INSTRUCTIONS FOR THE TASK — Make an exact copy, from the records below, of the lines from the line containing "BLDC Motor/5(rpm) -> Scope/5, Display/1" to the line containing "MATLAB Function : MATLAB", both lines included, excluding pictures.

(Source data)
----------
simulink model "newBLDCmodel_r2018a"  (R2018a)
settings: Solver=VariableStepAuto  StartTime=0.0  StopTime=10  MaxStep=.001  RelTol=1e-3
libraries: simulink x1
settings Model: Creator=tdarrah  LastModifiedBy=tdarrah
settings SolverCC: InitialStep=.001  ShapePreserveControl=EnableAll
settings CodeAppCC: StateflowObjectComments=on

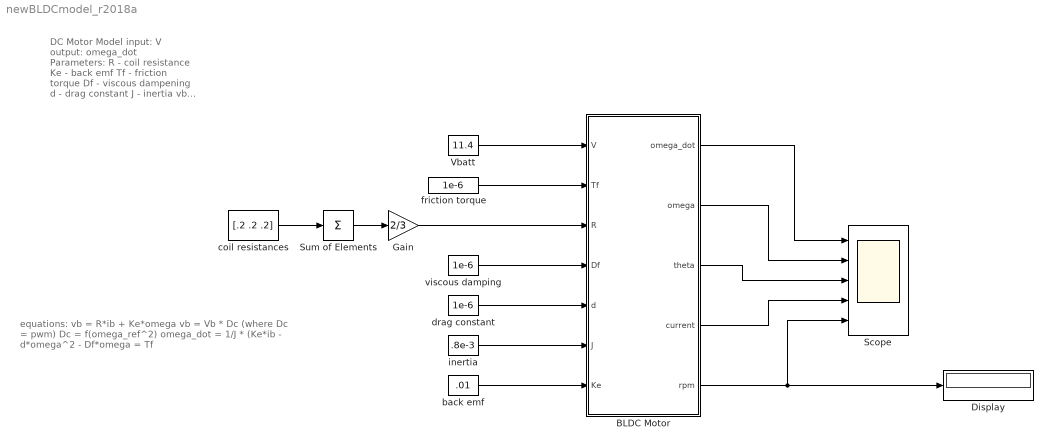
== system newBLDCmodel_r2018a ==
  note: equations:
      |
      | vb = R*ib + Ke*omega
      | vb = Vb * Dc  (where Dc = pwm)
      | Dc = f(omega_ref^2)
      |
      | omega_dot = 1/J * (Ke*ib - d*omega^2 - Df*omega = Tf
  note: DC Motor Model
      |
      | input:
      | V
      |
      | output:
      | omega_dot
      |
      | Parameters:
      | R   - coil resistance
      | Ke - back emf
      | Tf  - friction torque
      | Df  - viscous dampening
      | d   - drag constant
      | J   - inertia
      | vb - average battery voltage
      | ib  - average battery current
  BLDC Motor : Subsystem
  Display : Display
  Gain : Gain  Gain=2/3
  Scope : Scope  NumInputPorts=5
  Sum of Elements : Sum  Inputs=+
  Vbatt : Constant  Value=11.4
  back emf : Constant  Value=.01
  coil resistances : Constant  Value=[.2 .2 .2]
  drag constant : Constant  Value=1e-6
  friction torque : Constant  Value=1e-6
  inertia : Constant  Value=.8e-3
  viscous damping : Constant  Value=1e-6
  wires:
  BLDC Motor/2(omega) -> Scope/2
  BLDC Motor/3(theta) -> Scope/3
  BLDC Motor/5(rpm) -> Scope/5, Display/1
  BLDC Motor/4(current) -> Scope/4
  BLDC Motor/1(omega_dot) -> Scope/1
  Sum of Elements/1 -> Gain/1
  coil resistances/1 -> Sum of Elements/1
  Gain/1 -> BLDC Motor/3(R)
  Vbatt/1 -> BLDC Motor/1(V)
  friction torque/1 -> BLDC Motor/2(Tf)
  back emf/1 -> BLDC Motor/7(Ke)
  viscous damping/1 -> BLDC Motor/4(Df)
  drag constant/1 -> BLDC Motor/5(d)
  inertia/1 -> BLDC Motor/6(J)

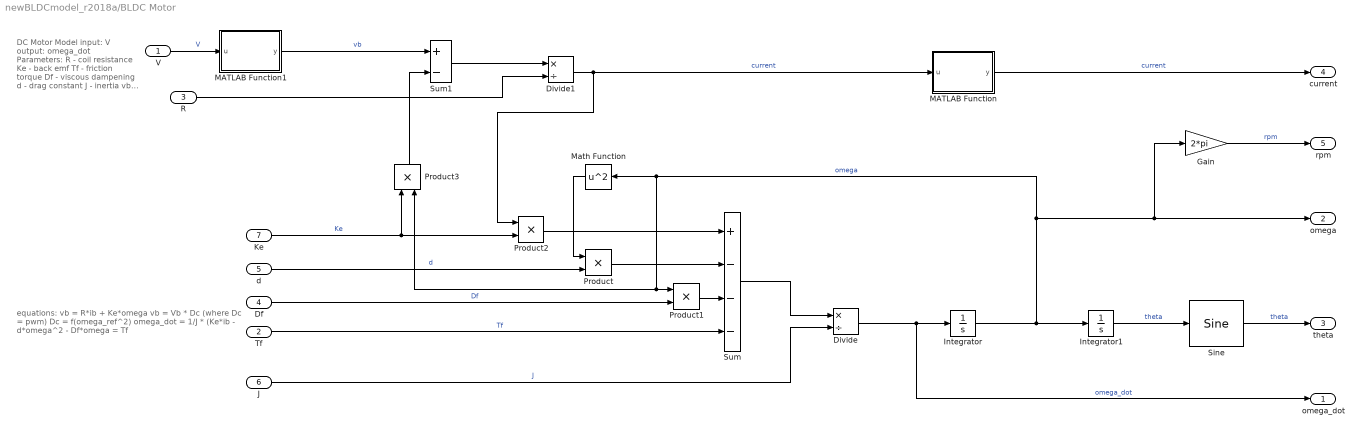
== system newBLDCmodel_r2018a/BLDC Motor ==
  note: DC Motor Model
      |
      | input:
      | V
      |
      | output:
      | omega_dot
      |
      | Parameters:
      | R   - coil resistance
      | Ke - back emf
      | Tf  - friction torque
      | Df  - viscous dampening
      | d   - drag constant
      | J   - inertia
      |
      |
      | vb - average battery voltage
      | ib  - average battery current
  note: equations:
      |
      | vb = R*ib + Ke*omega
      | vb = Vb * Dc  (where Dc = pwm)
      | Dc = f(omega_ref^2)
      |
      | omega_dot = 1/J * (Ke*ib - d*omega^2 - Df*omega = Tf
  V : Inport
  Tf : Inport  Port=2
  R : Inport  Port=3
  Df : Inport  Port=4
  d : Inport  Port=5
  J : Inport  Port=6
  Ke : Inport  Port=7
  Divide : Product  Inputs=*/
  Divide1 : Product  Inputs=*/
  Gain : Gain  Gain=2*pi
  Integrator : Integrator
  Integrator1 : Integrator
  MATLAB Function : MATLAB Function  TreatAsAtomicUnit=on
  MATLAB Function1 : MATLAB Function  TreatAsAtomicUnit=on
  Math Function : Math  Operator=square  SaturateOnIntegerOverflow=on
  Product{,1..3} (4 alike) : Product
  Sine : simulink/Lookup Tables/Sine  Formula=sin(2*pi*u)  NumDataPoints=180  OutputWordLength=16  InternalRulePriority=Speed
      settings: SourceProductName=Simulink
  Sum : Sum  Inputs=+---
  Sum1 : Sum  Inputs=+-
  omega_dot : Outport
  omega : Outport  Port=2
  theta : Outport  Port=3
  current : Outport  Port=4
  rpm : Outport  Port=5
  wires:
  Divide/1 -> omega_dot/1, Integrator/1  "omega_dot"
  Integrator/1 -> Gain/1, omega/1, Math Function/1, Product3/2, Product1/1, Integrator1/1  "omega"
  Integrator1/1 -> Sine/1  "theta"
  Gain/1 -> rpm/1  "rpm"
  Sum/1 -> Divide/1
  J/1 -> Divide/2  "J"
  d/1 -> Product/2  "d"
  Product/1 -> Sum/2
  Math Function/1 -> Product/1
  Product1/1 -> Sum/3
  Df/1 -> Product1/2  "Df"
  Tf/1 -> Sum/4  "Tf"
  Ke/1 -> Product3/1, Product2/2  "Ke"
  Product2/1 -> Sum/1
  Divide1/1 -> Product2/1, MATLAB Function/1(u)  "current"
  V/1 -> MATLAB Function1/1(u)  "V"
  Product3/1 -> Sum1/2
  MATLAB Function/1(y) -> current/1  "current"
  MATLAB Function1/1(y) -> Sum1/1  "vb"
  Sum1/1 -> Divide1/1
  R/1 -> Divide1/2
  Sine/1 -> theta/1  "theta"

== matlab function newBLDCmodel_r2018a/BLDC Motor/MATLAB Function1 ==
  data: u input; y output
function y = Dc(u)

y = 1*u;

== matlab function newBLDCmodel_r2018a/BLDC Motor/MATLAB Function ==
  data: u input; y output
function y = Dc(u)

y = 1*u;
----------
REPLY —
  BLDC Motor/5(rpm) -> Scope/5, Display/1
  BLDC Motor/4(current) -> Scope/4
  BLDC Motor/1(omega_dot) -> Scope/1
  Sum of Elements/1 -> Gain/1
  coil resistances/1 -> Sum of Elements/1
  Gain/1 -> BLDC Motor/3(R)
  Vbatt/1 -> BLDC Motor/1(V)
  friction torque/1 -> BLDC Motor/2(Tf)
  back emf/1 -> BLDC Motor/7(Ke)
  viscous damping/1 -> BLDC Motor/4(Df)
  drag constant/1 -> BLDC Motor/5(d)
  inertia/1 -> BLDC Motor/6(J)

== system newBLDCmodel_r2018a/BLDC Motor ==
  note: DC Motor Model
      |
      | input:
      | V
      |
      | output:
      | omega_dot
      |
      | Parameters:
      | R   - coil resistance
      | Ke - back emf
      | Tf  - friction torque
      | Df  - viscous dampening
      | d   - drag constant
      | J   - inertia
      |
      |
      | vb - average battery voltage
      | ib  - average battery current
  note: equations:
      |
      | vb = R*ib + Ke*omega
      | vb = Vb * Dc  (where Dc = pwm)
      | Dc = f(omega_ref^2)
      |
      | omega_dot = 1/J * (Ke*ib - d*omega^2 - Df*omega = Tf
  V : Inport
  Tf : Inport  Port=2
  R : Inport  Port=3
  Df : Inport  Port=4
  d : Inport  Port=5
  J : Inport  Port=6
  Ke : Inport  Port=7
  Divide : Product  Inputs=*/
  Divide1 : Product  Inputs=*/
  Gain : Gain  Gain=2*pi
  Integrator : Integrator
  Integrator1 : Integrator
  MATLAB Function : MATLAB Function  TreatAsAtomicUnit=on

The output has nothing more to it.